Jacobs Media’s just-released AQ6 data shows 77% of air talent are worried AI will lead to on-air jobs being lost. That’s up 1% from last year. There’s a reason why agents and unions are building protective clauses into the contracts of talent and workers to shield them from bad-faith uses of generative AI.

Some days it feels like the industries safest from AI replacements are ditch diggers and plumbers.

During my Production Director days, if someone had given me the choice of having an AI bot to take care of affidavits or one to write complete commercials for me, I would have chosen affidavits in a heartbeat. (Some have the “dead air” dreams. Me? Endless affidavit nightmares.) They’re important, but not what I joined radio to do. I would have happily traded all the time I spent selecting (Y) for time to think of new copy that made my AEs nervous.

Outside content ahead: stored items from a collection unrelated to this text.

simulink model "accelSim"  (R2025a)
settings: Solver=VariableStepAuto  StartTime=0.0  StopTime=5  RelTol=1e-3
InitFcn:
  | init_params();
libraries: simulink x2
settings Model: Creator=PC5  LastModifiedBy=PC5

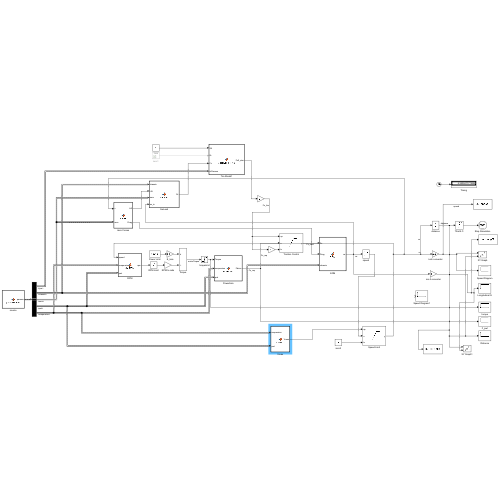
[thumbnail: Simulink's stored preview of the top-level diagram]
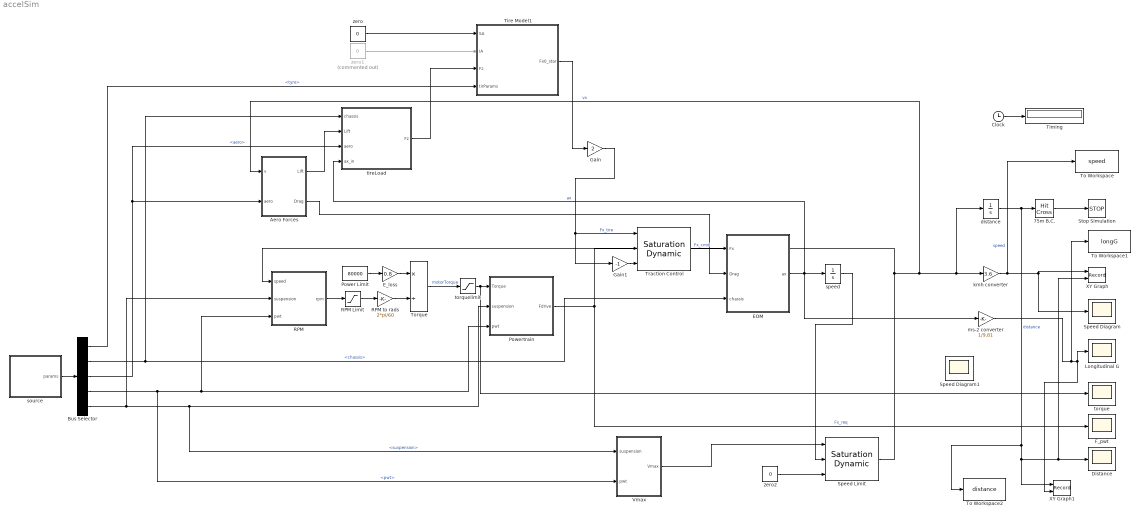
== system accelSim ==
  75m B.C. : HitCross  HitCrossingOffset=75  HitCrossingDirection=rising
  Aero Forces : MATLAB Function  TreatAsAtomicUnit=on
  Bus Selector : BusSelector  OutputSignals=tyre,chassis,aero,pwt,suspension
  Clock : Clock
  Distance : Scope
      settings: ActiveDisplayYMinimum=-1  ActiveDisplayYMaximum=1
  EOM : MATLAB Function  TreatAsAtomicUnit=on
  E_loss : Gain  Gain=0.8
  F_pwt : Scope
      settings: ActiveDisplayYMinimum=-1  ActiveDisplayYMaximum=1  DataLoggingVariableName=ScopeData4
  Gain : Gain  Gain=2
  Gain1 : Gain  Gain=-1
  Longitudinal G : Scope
      settings: Title=Longitudinal Acceleration  ActiveDisplayYMinimum=0  ActiveDisplayYMaximum=1.229  YLabel=Acceleration (G)  DataLoggingVariableName=ScopeData2
  Power Limit : Constant  Value=80000
  Powertrain : MATLAB Function  TreatAsAtomicUnit=on
  RPM : MATLAB Function  TreatAsAtomicUnit=on
  RPM Limit : Saturate  UpperLimit=10000  LowerLimit=0
  RPM to rads : Gain  Gain=2*pi/60
  Speed Diagram : Scope
      settings: ActiveDisplayYMinimum=-46.787279137521928  ActiveDisplayYMaximum=222.55498688416193
  Speed Diagram1 : Scope
      settings: ActiveDisplayYMinimum=-46.787279137521928  ActiveDisplayYMaximum=222.55498688416193  DataLoggingVariableName=ScopeData3
  Speed Limit : simulink/Discontinuities/Saturation Dynamic  OutMin=[]  OutMax=[]  OutDataTypeStr=Inherit: Same as second input  OutDataType=fixdt(1, 16)  OutScaling=2^-10  DoSatur=off
  Stop Simulation : Stop
  Timing : Display
  Tire Model1 : MATLAB Function  TreatAsAtomicUnit=on
  To Workspace : ToWorkspace  VariableName=speed  SaveFormat=Timeseries  SampleTime=-1
  To Workspace1 : ToWorkspace  VariableName=longG  SaveFormat=Timeseries  SampleTime=-1
  To Workspace2 : ToWorkspace  VariableName=distance  SaveFormat=Timeseries  SampleTime=-1
  Torque : Product  Inputs=*/  InputSameDT=on  OutMin=0  OutMax=300
  Traction Control : simulink/Discontinuities/Saturation Dynamic  OutMin=[]  OutMax=[]  OutDataTypeStr=Inherit: Same as second input  OutDataType=fixdt(1, 16)  OutScaling=2^-10  DoSatur=off
  Vmax : MATLAB Function  TreatAsAtomicUnit=on
  XY Graph : Record  NumPorts=2.0  FileSettingsInternal="{\"entries\":[{\"content\":{\"excelSettings\":{\"content\":{},\"type\":\"Streamout.ExcelSettings\"},\"parquetSettings\":{\"content\":{},\"type\":\"Streamout.ParquetSettings\"}},\"type\":\"Streamout.FileSettingStorage\",\"uuid\":\"\"}],\"packageUris\":[\"http:\\/\\/schema.mathworks.com\\/mf0\\/streamout_blocks\\/R2020a\"],\"version\":\"1.0\"}"  FrameSettings=[0, 0]  Layout=[1 1]  SignalsInternal="{\"entries\":[{\"content\":{\"signals\":[{\"content\":{\"blockPath\":[],\"dimensions\":[1],\"domain\":\"\",\"lineColor\":\"#a2142f\",\"plots\":[ 1 ],\"port\":1,\"sid\":[\"\"],\"signalID\":1,\"signalName\":\"speed\"},\"type\":\"RecordBlkView.Signal\",\"uuid\":\"\"},{\"content\":{\"blockPath\":[],\"dimensions\":[1],\"domain\":\"\",\"lineColor\":\"#139fff\",\"plots\":[ 1 ],\"port\":2,\"sid\":[\"\"],\"signalID\":2,\"signalName\":\"distance\"},\"type\":\"RecordBlkView.Signal\",\"uuid\":\"\"}]},\"type\":\"RecordBlkView.InputSignals\",\"uuid\":\"\"}],\"packageUris\":[\"http:\\/\\/schema.mathworks.com\\/mf0\\/streamout_blocks\\/R2020a\"],\"version\":\"1.0\"}"  VisualizationBindings="{\"xyplotplugin\":{\"info\":[{\"series\":[{\"bindingParametersList\":[{\"parameter\":\"X-Axis\",\"signalID\":1,\"signalName\":\"speed\"},{\"parameter\":\"Y-Axis\",\"signalID\":2,\"signalName\":\"distance\"}],\"seriesID\":0}],\"subplotID\":1}]}}"  CompatibilityTag=XY
  XY Graph1 : Record  NumPorts=2.0  FileSettingsInternal="{\"entries\":[{\"content\":{\"excelSettings\":{\"content\":{},\"type\":\"Streamout.ExcelSettings\"},\"parquetSettings\":{\"content\":{},\"type\":\"Streamout.ParquetSettings\"}},\"type\":\"Streamout.FileSettingStorage\",\"uuid\":\"\"}],\"packageUris\":[\"http:\\/\\/schema.mathworks.com\\/mf0\\/streamout_blocks\\/R2020a\"],\"version\":\"1.0\"}"  FrameSettings=[0, 0]  Layout=[1 1]  SignalsInternal="{\"entries\":[{\"content\":{\"signals\":[{\"content\":{\"blockPath\":[],\"dimensions\":[1],\"domain\":\"\",\"lineColor\":\"#a2142f\",\"plots\":[ 1 ],\"port\":1,\"sid\":[\"\"],\"signalID\":1,\"signalName\":\"distance\"},\"type\":\"RecordBlkView.Signal\",\"uuid\":\"\"},{\"content\":{\"blockPath\":[],\"dimensions\":[1],\"domain\":\"\",\"lineColor\":\"#139fff\",\"plots\":[ 1 ],\"port\":2,\"sid\":[\"\"],\"signalID\":2,\"signalName\":\"ms-2 converter\"},\"type\":\"RecordBlkView.Signal\",\"uuid\":\"\"}]},\"type\":\"RecordBlkView.InputSignals\",\"uuid\":\"\"}],\"packageUris\":[\"http:\\/\\/schema.mathworks.com\\/mf0\\/streamout_blocks\\/R2020a\"],\"version\":\"1.0\"}"  VisualizationBindings="{\"xyplotplugin\":{\"info\":[{\"series\":[{\"bindingParametersList\":[{\"parameter\":\"X-Axis\",\"signalID\":1,\"signalName\":\"distance\"},{\"parameter\":\"Y-Axis\",\"signalID\":2,\"signalName\":\"ms-2 converter\"}],\"seriesID\":0}],\"subplotID\":1}]}}"  CompatibilityTag=XY
  distance : Integrator
  kmh converter : Gain  Gain=3.6
  ms-2 converter : Gain  Gain=1/9.81
  source : MATLAB Function  TreatAsAtomicUnit=on
  speed : Integrator  LimitOutput=on  LowerSaturationLimit=0
  tireLoad : MATLAB Function  TreatAsAtomicUnit=on
  torque : Scope
      settings: ActiveDisplayYMinimum=122.82034534657527  ActiveDisplayYMaximum=241.9088505170472  DataLoggingVariableName=ScopeData5
  torquelimit : Saturate  UpperLimit=230  LowerLimit=0
  zero : Constant  Value=0
  zero1 : Constant  Commented=on  Value=0
  zero2 : Constant  Value=0
  wires:
  Aero Forces/1(Lift) -> tireLoad/2(Lift)
  Aero Forces/2(Drag) -> EOM/2(Drag)
  EOM/1(ax) -> speed/1, ms-2 converter/1, tireLoad/4(ax_in)  "ax"
  Speed Limit/1 -> distance/1, kmh converter/1, Aero Forces/1(v), RPM/1(speed)  "vx"
  Power Limit/1 -> E_loss/1
  RPM/1(rpm) -> RPM Limit/1
  distance/1 -> 75m B.C./1, To Workspace2/1, XY Graph1/1, XY Graph/2, Distance/1  "distance"
  75m B.C./1 -> Stop Simulation/1
  source/1(params) -> Bus Selector/1
  RPM Limit/1 -> RPM to rads/1
  Powertrain/1(Fdrive) -> Traction Control/2, F_pwt/1  "Fx_req"
  Gain/1 -> Gain1/1, Traction Control/1  "Fx_tire"
  Gain1/1 -> Traction Control/3
  Traction Control/1 -> EOM/1(Fx)  "Fx_cmd"
  Bus Selector/2 -> EOM/3(chassis), tireLoad/1(chassis)  "<chassis>"
  Bus Selector/3 -> Aero Forces/2(aero), tireLoad/3(aero)  "<aero>"
  Bus Selector/4 -> Vmax/2(pwt), Powertrain/3(pwt), RPM/3(pwt)  "<pwt>"
  Bus Selector/5 -> Vmax/1(suspension), Powertrain/2(suspension), RPM/2(suspension)  "<suspension>"
  kmh converter/1 -> Speed Diagram/1, XY Graph/1, To Workspace/1  "speed"
  ms-2 converter/1 -> To Workspace1/1, XY Graph1/2, Longitudinal G/1
  RPM to rads/1 -> Torque/2
  torquelimit/1 -> torque/1, Powertrain/1(Torque)
  Torque/1 -> torquelimit/1  "motorTorque"
  Clock/1 -> Timing/1
  zero/1 -> Tire Model1/1(SA)
  zero1/1 -> Tire Model1/2(IA)
  tireLoad/1(Fz) -> Tire Model1/3(Fz)
  Bus Selector/1 -> Tire Model1/4(tirParams)  "<tyre>"
  Tire Model1/1(Fx0_star) -> Gain/1
  E_loss/1 -> Torque/1
  speed/1 -> Speed Limit/2
  zero2/1 -> Speed Limit/3
  Vmax/1(Vmax) -> Speed Limit/1

== matlab function accelSim/Vmax ==
  data: Vmax output; suspension input; pwt input
% calculates aerodynamics

function Vmax  = findmaxv(suspension,pwt)

Vmax = (2*pi/60)*(pwt.max_rpm/pwt.FDR)*suspension.R;



end

== matlab function accelSim/Aero Forces ==
  data: Lift output; Drag output; v input; aero input
% calculates aerodynamics

function [Lift, Drag] = aeroF(v,aero)

Lift = 0.5*aero.farea*aero.CLs*aero.den*v^2;
Drag = 0.5*aero.farea*aero.CDs*aero.den*v^2;


end

== matlab function accelSim/tireLoad ==
  data: chassis input; Lift input; Fz output; aero input; ax_in input
function Fz = tireLoad(chassis,Lift,aero,ax_in)

mass = chassis.car+chassis.driver;
ab = aero.ab_s;
cg_h = chassis.cg_h;
wheelbase = chassis.wheelbase;

% normal load by mass
Fz = (mass*9.81)/4;
% aero downforce
AeroR = Lift*(1-ab);
% load transfer
longLT = Fz*(ax_in/9.81)*cg_h/wheelbase;
% wheel loads per wheel
Fz= Fz+AeroR/2+longLT/2;

end

== matlab function accelSim/EOM ==
  data: Fx input; ax output; Drag input; chassis input
function ax  = EOM(Fx,Drag,chassis)
ax = (Fx-Drag)/(chassis.driver+chassis.car);
end

== matlab function accelSim/RPM ==
  data: rpm output; speed input; suspension input; pwt input
function rpm = findRPM(speed,suspension,pwt)
    R = suspension.R;
    FDR = pwt.FDR;
    rpm = speed / (2*pi*R) * 60 * FDR;
end

== matlab function accelSim/Powertrain ==
  data: Torque input; Fdrive output; suspension input; pwt input
function Fdrive  = findFdrive(Torque,suspension,pwt)
R = suspension.R;
FDR = pwt.FDR;
Fdrive = FDR*Torque/R;
end

== matlab function accelSim/Tire Model1 ==
  data: SA input; IA input; Fz input; tirParams input; Fx0_star output
function Fx0_star  = accelLongForce(SA, IA, Fz, tirParams)
    % processing parameters
    Pa      = 62052.8;
    proParams = calculateParams(Fz, Pa, tirParams);

    % find peak longitudinal force
    a       = 0.05;
    d       = 0.45;
    tol     = 1e-7;
    maxIter = 5000;
    [k_star, Fx0_star, iterGold] = goldenSearchMethod(a, d, tol, maxIter, Fz, IA, tirParams, proParams);
end


function [k_star, Fx0_star, iterGold] = goldenSearchMethod(a, d, tol, maxIter, Fz, gamma, tirParams, proParams)
    % Golden ratio coefficient
    alpha = (sqrt(5) - 1) / 2;
    % Initial interior evaluation points
    b = d - alpha * (d - a);
    c = a + alpha * (d - a);
    for k = 1:maxIter
        % Evaluate magic formula longitudinal force at points b and c
        fx1 = Fx0(Fz, b, gamma, tirParams, proParams);
        fxb = fx1.Fx0;
        fx2 = Fx0(Fz, c, gamma, tirParams, proParams);
        fxc = fx2.Fx0;
        % Termination condition: search window sufficiently small
        if abs(b - a) < tol
            break
        end
        % Maximisation step (choose interval that retains the peak)
        if fxb > fxc
            % Peak lies in [a, c]
            d = c;
            c = b;
            b = d - alpha * (d - a);
        else
            % Peak lies in [b, d]
            a = b;
            b = c;
            c = a + alpha * (d - a);
        end
    end
    % Number of iterations used
    iterGold = k;
    % Select final optimum between the two interior candidates
    if fxb > fxc
        k_star   = b;
        Fx0_star = fxb;
    else
        k_star   = c;
        Fx0_star = fxc;
    end
end

function proParams = calculateParams(Fz, Pa, tirParams)
    % tirParams are fitted parameters from TIR file
    V0 = tirParams.LONGVL; %Nominal speed
    pi0	= tirParams.NOMPRES; %Nominal tyre inflation pressure
    Fz0	= tirParams.FNOMIN; %Nominal wheel load
    LFZO = tirParams.LFZO; % Scale factor of nominal (rated) load
    LMUX = tirParams.LMUX; % Scale factor of Fx peak friction coefficient
    LMUY = tirParams.LMUY; % Scale factor of Fy peak friction coefficient

    % Digressive friction factor
    % On Page 179 of the book is suggested Amu = 10, but after
    % comparing the use of the scaling factors against TNO, Amu = 1
    % was giving perfect match
    Amu = 1;
    LMUX_prime = Amu.*LMUX./(1+(Amu-1).*LMUX); % [Eqn (4.E8) Page 179 - Book]
    LMUY_prime = Amu.*LMUY./(1+(Amu-1).*LMUY); % [Eqn (4.E8) Page 179 - Book]

    % Effect of having a tire with a different nominal load
    Fz0_prime =  LFZO.*Fz0; % [Eqn (4.E1) Page 177 - Book]
    % Normalized change in vertical load
    dfz = (Fz - Fz0_prime)./Fz0_prime; % [Eqn (4.E2a) Page 177 - Book]
    % Normalized change in inflation pressure
    dpi = (Pa - pi0)./pi0; % [Eqn (4.E2b) Page 177 - Book]

    epsilon  = 1e-6;
    
    % Pack processed parameters
    proParams.LMUX_prime = LMUX_prime;
    proParams.LMUY_prime = LMUY_prime;
    proParams.Fz0_prime = Fz0_prime;
    proParams.dfz = dfz;
    proParams.dpi = dpi;
    proParams.epsilon = epsilon;
end

function fxOut = Fx0(Fz, kappa, gamma, tirParams, proParams)
    %[SCALING_COEFFICIENTS]
    LCX     = tirParams.LCX ; % Scale factor of Fx shape factor
    LEX  	= tirParams.LEX ; % Scale factor of Fx curvature factor
    LKX  	= tirParams.LKX ; % Scale factor of Fx slip stiffness
    LHX  	= tirParams.LHX ; % Scale factor of Fx horizontal shift
    LVX  	= tirParams.LVX ; % Scale factor of Fx vertical shift
    LMUX    = tirParams.LMUX ; % Scale factor of Fx peak friction coefficient
    LXAL    = tirParams.LXAL ; % Scale factor of alpha influence on Fx

    %[LONGITUDINAL_COEFFICIENTS]
    PCX1  	=  tirParams.PCX1 ; %Shape factor Cfx for longitudinal force
    PDX1  	=  tirParams.PDX1 ; %Longitudinal friction Mux at Fznom
    PDX2  	=  tirParams.PDX2 ; %Variation of friction Mux with load
    PDX3  	=  tirParams.PDX3 ; %Variation of friction Mux with camber squared
    PEX1  	=  tirParams.PEX1 ; %Longitudinal curvature Efx at Fznom
    PEX2  	=  tirParams.PEX2 ; %Variation of curvature Efx with load
    PEX3  	=  tirParams.PEX3 ; %Variation of curvature Efx with load squared
    PEX4  	=  tirParams.PEX4 ; %Factor in curvature Efx while driving
    PKX1  	=  tirParams.PKX1 ; %Longitudinal slip stiffness Kfx./Fz at Fznom
    PKX2  	=  tirParams.PKX2 ; %Variation of slip stiffness Kfx./Fz with load
    PKX3  	=  tirParams.PKX3 ; %Exponent in slip stiffness Kfx./Fz with load
    PHX1  	=  tirParams.PHX1 ; %Horizontal shift Shx at Fznom
    PHX2  	=  tirParams.PHX2 ; %Variation of shift Shx with load
    PVX1  	=  tirParams.PVX1 ; %Vertical shift Svx./Fz at Fznom
    PVX2  	=  tirParams.PVX2 ; %Variation of shift Svx./Fz with load
    PPX1  	=  tirParams.PPX1 ; %linear influence of inflation pressure on longitudinal slip stiffness
    PPX2  	=  tirParams.PPX2 ; %quadratic influence of inflation pressure on longitudinal slip stiffness
    PPX3  	=  tirParams.PPX3 ; %linear influence of inflation pressure on peak longitudinal friction
    PPX4  	=  tirParams.PPX4 ; %quadratic influence of inflation pressure on peak longitudinal friction
    
    %[PROCESSED PARAMETERS]
    dfz = proParams.dfz;
    dpi = proParams.dpi;
    LMUX_prime = proParams.LMUX_prime;
    epsilon = proParams.epsilon;

    zeta1 = 1;

    Cx = PCX1.*LCX; % (> 0) (4.E11)
    mux = (PDX1 + PDX2.*dfz).*(1 + PPX3.*dpi + PPX4.*dpi.^2).*(1 - PDX3.*gamma.^2).*LMUX; % (4.E13)
    mux(Fz==0) = 0; % Zero Fz correction
    Dx = mux.*Fz.*zeta1; % (> 0) (4.E12)
    Kxk = Fz.*(PKX1 + PKX2.*dfz).*exp(PKX3.*dfz).*(1 + PPX1.*dpi + PPX2.*dpi.^2).*LKX;  % (= BxCxDx = dFxo./dkx at kappax = 0) (= Cfk) (4.E15)
    signDx = sign(Dx);
    signDx(signDx == 0) = 1; % If [Dx = 0] then [sign(0) = 0]. This is done to avoid [Kxk / 0 = NaN] in Eqn 4.E16
    Bx = Kxk./(Cx.*Dx + epsilon.*signDx); % (4.E16) [sign(Dx) term explained on page 177]
    SHx = (PHX1 + PHX2.*dfz).*LHX; % (4.E17)
    SVx = Fz.*(PVX1 + PVX2.*dfz).*LVX.*LMUX_prime.*zeta1; % (4.E18)
    kappax = kappa + SHx; % (4.E10)
    Ex = (PEX1 + PEX2.*dfz + PEX3.*dfz.^2).*(1 - PEX4.*sign(kappax)).*LEX; % (<=1) (4.E14)
    if(any(Ex > 1))
        warning('Solver:CoeffChecks:Ex','Ex over limit (>1), Eqn(4.E14)')
        Ex(Ex > 1) = 1;
    end % if Ex > 1
    Fx0 = Dx.*sin(Cx.*atan(Bx.*kappax-Ex.*(Bx.*kappax-atan(Bx.*kappax))))+SVx; % (4.E9)
    
    % Pack pure longitudinal parameters
    fxOut.Fx0 = Fx0; % (4.E9)
    fxOut.kappax = kappax; % (4.E10)
    fxOut.Cx = Cx; % (4.E11)
    fxOut.Dx = Dx; % (4.E12)
    fxOut.mux = mux; % (4.E13)
    fxOut.Ex = Ex; % (4.E14)
    fxOut.Kxk = Kxk; % (4.E15) 
    fxOut.Bx = Bx; % (4.E16)
    fxOut.SHx = SHx; % (4.E17)
    fxOut.SVx = SVx; % (4.E18)
end

== matlab function accelSim/source ==
  data: params output Bus: ParamsBus; PARAMS parameter Bus: ParamsBus
function params = paramSource(PARAMS)
%#codegen
params = PARAMS;
end

It’s only a matter of time until a group okays an AI-generated spec spot to go straight to air after the client says yes to the idea. And I don’t blame the companies that create those products for the loss – the blame would lay on those that would take the final shortcut. The same goes for air talent. There’s a difference between, “We can’t afford a hire,” and, “Why should we pay for a hire?”

Why should I pay my hard-earned money to go see the latest blockbuster in a movie theater, when I can just pirate it on my computer at home? Well, not only is it a higher quality experience for the audience, but it supports the entire chain that creates that content in the first place.

Am I anti-AI? Not at all. There are phenomenal ways AI assists creatives – assists being the keyword. I simply think it would be a travesty if we all looked up from our prompt boxes ten years from now and realized we had left the fun parts of radio up to a machine. Creating a good commercial is fun. Hitting post is fun. The humanity of radio is fun.

We shouldn’t fear AI, but we should all fear the day we choose to completely automate the creative process.

Cameron Coats is the Online Editor for Radio Ink.